===== Given data =====

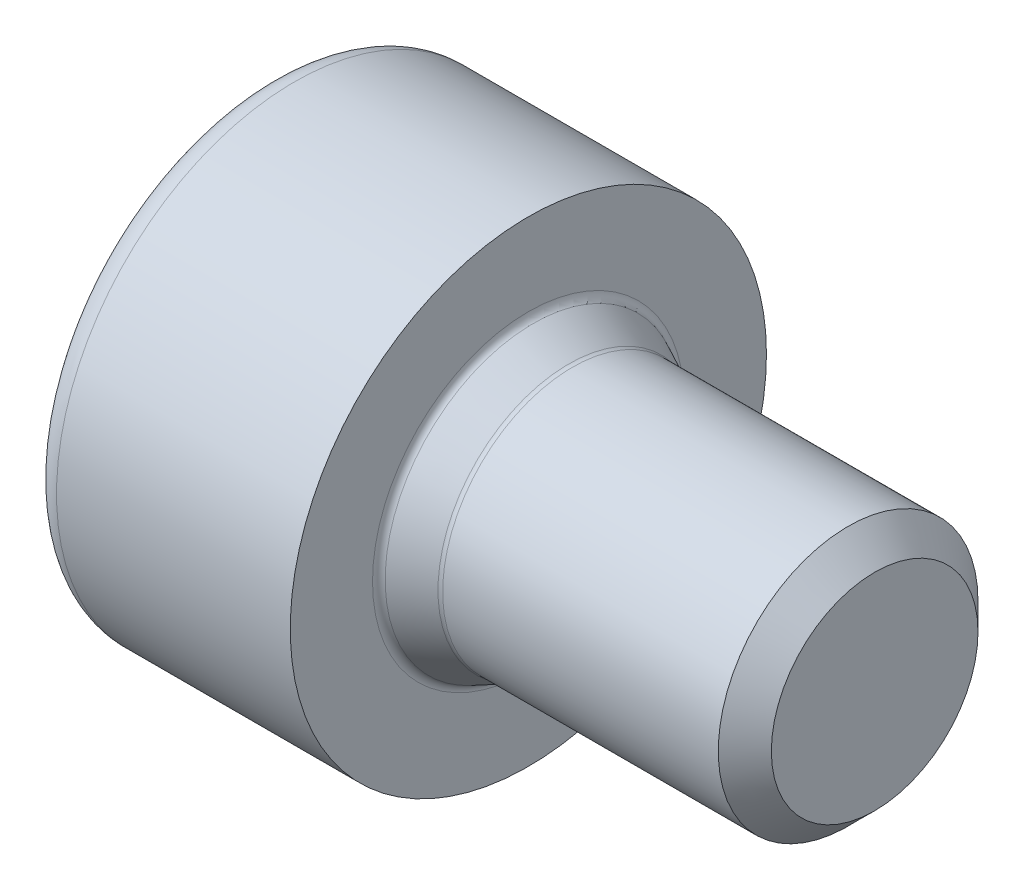
ISO-10303-21;
HEADER;
FILE_DESCRIPTION(('STEP AP214'),'2;1');
FILE_NAME('part.step','',(''),(''),'','','');
FILE_SCHEMA(('AUTOMOTIVE_DESIGN { 1 0 10303 214 1 1 1 1 }'));
ENDSEC;
DATA;
#1=APPLICATION_CONTEXT('core data for automotive mechanical design processes');
#2=APPLICATION_PROTOCOL_DEFINITION('international standard','automotive_design',2000,#1);
#3=PRODUCT_CONTEXT('',#1,'mechanical');
#4=PRODUCT('Part','Part','',(#3));
#5=PRODUCT_RELATED_PRODUCT_CATEGORY('part','',(#4));
#6=PRODUCT_DEFINITION_FORMATION('','',#4);
#7=PRODUCT_DEFINITION_CONTEXT('part definition',#1,'design');
#8=PRODUCT_DEFINITION('design','',#6,#7);
#9=PRODUCT_DEFINITION_SHAPE('','',#8);
#10=(LENGTH_UNIT() NAMED_UNIT(*) SI_UNIT(.MILLI.,.METRE.));
#11=(NAMED_UNIT(*) PLANE_ANGLE_UNIT() SI_UNIT($,.RADIAN.));
#12=(NAMED_UNIT(*) SI_UNIT($,.STERADIAN.) SOLID_ANGLE_UNIT());
#13=UNCERTAINTY_MEASURE_WITH_UNIT(LENGTH_MEASURE(1.E-05),#10,'distance_accuracy_value','');
#14=(GEOMETRIC_REPRESENTATION_CONTEXT(3) GLOBAL_UNCERTAINTY_ASSIGNED_CONTEXT((#13)) GLOBAL_UNIT_ASSIGNED_CONTEXT((#10,
#11,#12)) REPRESENTATION_CONTEXT('',''));
#15=CARTESIAN_POINT('',(0.,0.,0.));
#16=DIRECTION('',(0.,0.,1.));
#17=DIRECTION('',(1.,0.,0.));
#18=AXIS2_PLACEMENT_3D('',#15,#16,#17);
#19=CARTESIAN_POINT('',(-1.7,0.,0.));
#20=DIRECTION('',(-1.,0.,0.));
#21=DIRECTION('',(0.,0.,1.));
#22=AXIS2_PLACEMENT_3D('',#19,#20,#21);
#23=CONICAL_SURFACE('',#22,1.25,1.0471975511966);
#24=CARTESIAN_POINT('',(-1.7,0.,0.));
#25=DIRECTION('',(1.,0.,0.));
#26=DIRECTION('',(0.,0.,1.));
#27=AXIS2_PLACEMENT_3D('',#24,#25,#26);
#28=CIRCLE('',#27,1.25);
#29=CARTESIAN_POINT('',(-1.7,1.08253175473055,0.625));
#30=VERTEX_POINT('',#29);
#31=CARTESIAN_POINT('',(-1.7,0.,1.25));
#32=VERTEX_POINT('',#31);
#33=EDGE_CURVE('E11',#30,#32,#28,.T.);
#34=ORIENTED_EDGE('',*,*,#33,.F.);
#35=CARTESIAN_POINT('',(-1.7,0.,0.));
#36=DIRECTION('',(1.,0.,0.));
#37=DIRECTION('',(0.,0.,1.));
#38=AXIS2_PLACEMENT_3D('',#35,#36,#37);
#39=CIRCLE('',#38,1.25);
#40=CARTESIAN_POINT('',(-1.7,1.08253175473055,-0.625));
#41=VERTEX_POINT('',#40);
#42=EDGE_CURVE('E355',#41,#30,#39,.T.);
#43=ORIENTED_EDGE('',*,*,#42,.F.);
#44=CARTESIAN_POINT('',(-1.7,0.,0.));
#45=DIRECTION('',(1.,0.,0.));
#46=DIRECTION('',(0.,0.,1.));
#47=AXIS2_PLACEMENT_3D('',#44,#45,#46);
#48=CIRCLE('',#47,1.25);
#49=CARTESIAN_POINT('',(-1.7,0.,-1.25));
#50=VERTEX_POINT('',#49);
#51=EDGE_CURVE('E203',#50,#41,#48,.T.);
#52=ORIENTED_EDGE('',*,*,#51,.F.);
#53=CARTESIAN_POINT('',(-1.7,0.,0.));
#54=DIRECTION('',(1.,0.,0.));
#55=DIRECTION('',(0.,0.,1.));
#56=AXIS2_PLACEMENT_3D('',#53,#54,#55);
#57=CIRCLE('',#56,1.25);
#58=CARTESIAN_POINT('',(-1.7,-1.08253175473055,-0.625));
#59=VERTEX_POINT('',#58);
#60=EDGE_CURVE('E333',#59,#50,#57,.T.);
#61=ORIENTED_EDGE('',*,*,#60,.F.);
#62=CARTESIAN_POINT('',(-1.7,0.,0.));
#63=DIRECTION('',(1.,0.,0.));
#64=DIRECTION('',(0.,0.,1.));
#65=AXIS2_PLACEMENT_3D('',#62,#63,#64);
#66=CIRCLE('',#65,1.25);
#67=CARTESIAN_POINT('',(-1.7,-1.08253175473055,0.625));
#68=VERTEX_POINT('',#67);
#69=EDGE_CURVE('E189',#68,#59,#66,.T.);
#70=ORIENTED_EDGE('',*,*,#69,.F.);
#71=CARTESIAN_POINT('',(-1.7,0.,0.));
#72=DIRECTION('',(1.,0.,0.));
#73=DIRECTION('',(0.,0.,1.));
#74=AXIS2_PLACEMENT_3D('',#71,#72,#73);
#75=CIRCLE('',#74,1.25);
#76=EDGE_CURVE('E190',#32,#68,#75,.T.);
#77=ORIENTED_EDGE('',*,*,#76,.F.);
#78=EDGE_LOOP('',(#34,#43,#52,#61,#70,#77));
#79=FACE_BOUND('',#78,.T.);
#80=CARTESIAN_POINT('',(-0.978312163512968,0.,0.));
#81=VERTEX_POINT('',#80);
#82=VERTEX_LOOP('',#81);
#83=FACE_BOUND('',#82,.T.);
#84=ADVANCED_FACE('F16',(#79,#83),#23,.F.);
#85=CARTESIAN_POINT('',(-1.7,1.25,0.));
#86=DIRECTION('',(-1.,0.,0.));
#87=DIRECTION('',(0.,0.,1.));
#88=AXIS2_PLACEMENT_3D('',#85,#86,#87);
#89=PLANE('',#88);
#90=DIRECTION('',(0.,-0.5,0.866025403784439));
#91=VECTOR('',#90,1.);
#92=CARTESIAN_POINT('',(-1.7,1.44337567297406,0.));
#93=LINE('',#92,#91);
#94=CARTESIAN_POINT('',(-1.7,0.721687836487032,1.25));
#95=VERTEX_POINT('',#94);
#96=EDGE_CURVE('E29',#30,#95,#93,.T.);
#97=ORIENTED_EDGE('',*,*,#96,.F.);
#98=ORIENTED_EDGE('',*,*,#33,.T.);
#99=DIRECTION('',(0.,-1.,0.));
#100=VECTOR('',#99,1.);
#101=CARTESIAN_POINT('',(-1.7,0.721687836487032,1.25));
#102=LINE('',#101,#100);
#103=EDGE_CURVE('E306',#95,#32,#102,.T.);
#104=ORIENTED_EDGE('',*,*,#103,.F.);
#105=EDGE_LOOP('',(#97,#98,#104));
#106=FACE_BOUND('',#105,.T.);
#107=ADVANCED_FACE('F286',(#106),#89,.T.);
#108=CARTESIAN_POINT('',(-1.7,1.44337567297406,0.));
#109=DIRECTION('',(0.,-0.866025403784439,-0.5));
#110=DIRECTION('',(0.,0.5,-0.866025403784439));
#111=AXIS2_PLACEMENT_3D('',#108,#109,#110);
#112=PLANE('',#111);
#113=CARTESIAN_POINT('',(-2.99328869166182,1.44337567297301,-3.44121939592512E-13));
#114=CARTESIAN_POINT('',(-2.98433919425117,1.42787244875791,0.0268508818971255));
#115=CARTESIAN_POINT('',(-2.97578400285569,1.41230749394716,0.0538025056358081));
#116=CARTESIAN_POINT('',(-2.95983998482174,1.38155938839761,0.107121610863528));
#117=CARTESIAN_POINT('',(-2.9524239068139,1.36637875834845,0.133482423120639));
#118=CARTESIAN_POINT('',(-2.938754803639,1.33634492626375,0.185789430630884));
#119=CARTESIAN_POINT('',(-2.93247769848503,1.32149283356302,0.211729920605803));
#120=CARTESIAN_POINT('',(-2.92108320579471,1.29203467285119,0.263373144966651));
#121=CARTESIAN_POINT('',(-2.91594721851763,1.27742891496914,0.28907193215387));
#122=CARTESIAN_POINT('',(-2.90682859378075,1.24834944771762,0.340415342977566));
#123=CARTESIAN_POINT('',(-2.90283536127198,1.23387581621797,0.366058119756369));
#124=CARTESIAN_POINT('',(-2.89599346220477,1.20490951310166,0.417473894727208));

=====

* **Action item**
In the records, which lines mention the word "mechanical"? Copy those lines.

* **Task result**
#1=APPLICATION_CONTEXT('core data for automotive mechanical design processes');
#3=PRODUCT_CONTEXT('',#1,'mechanical');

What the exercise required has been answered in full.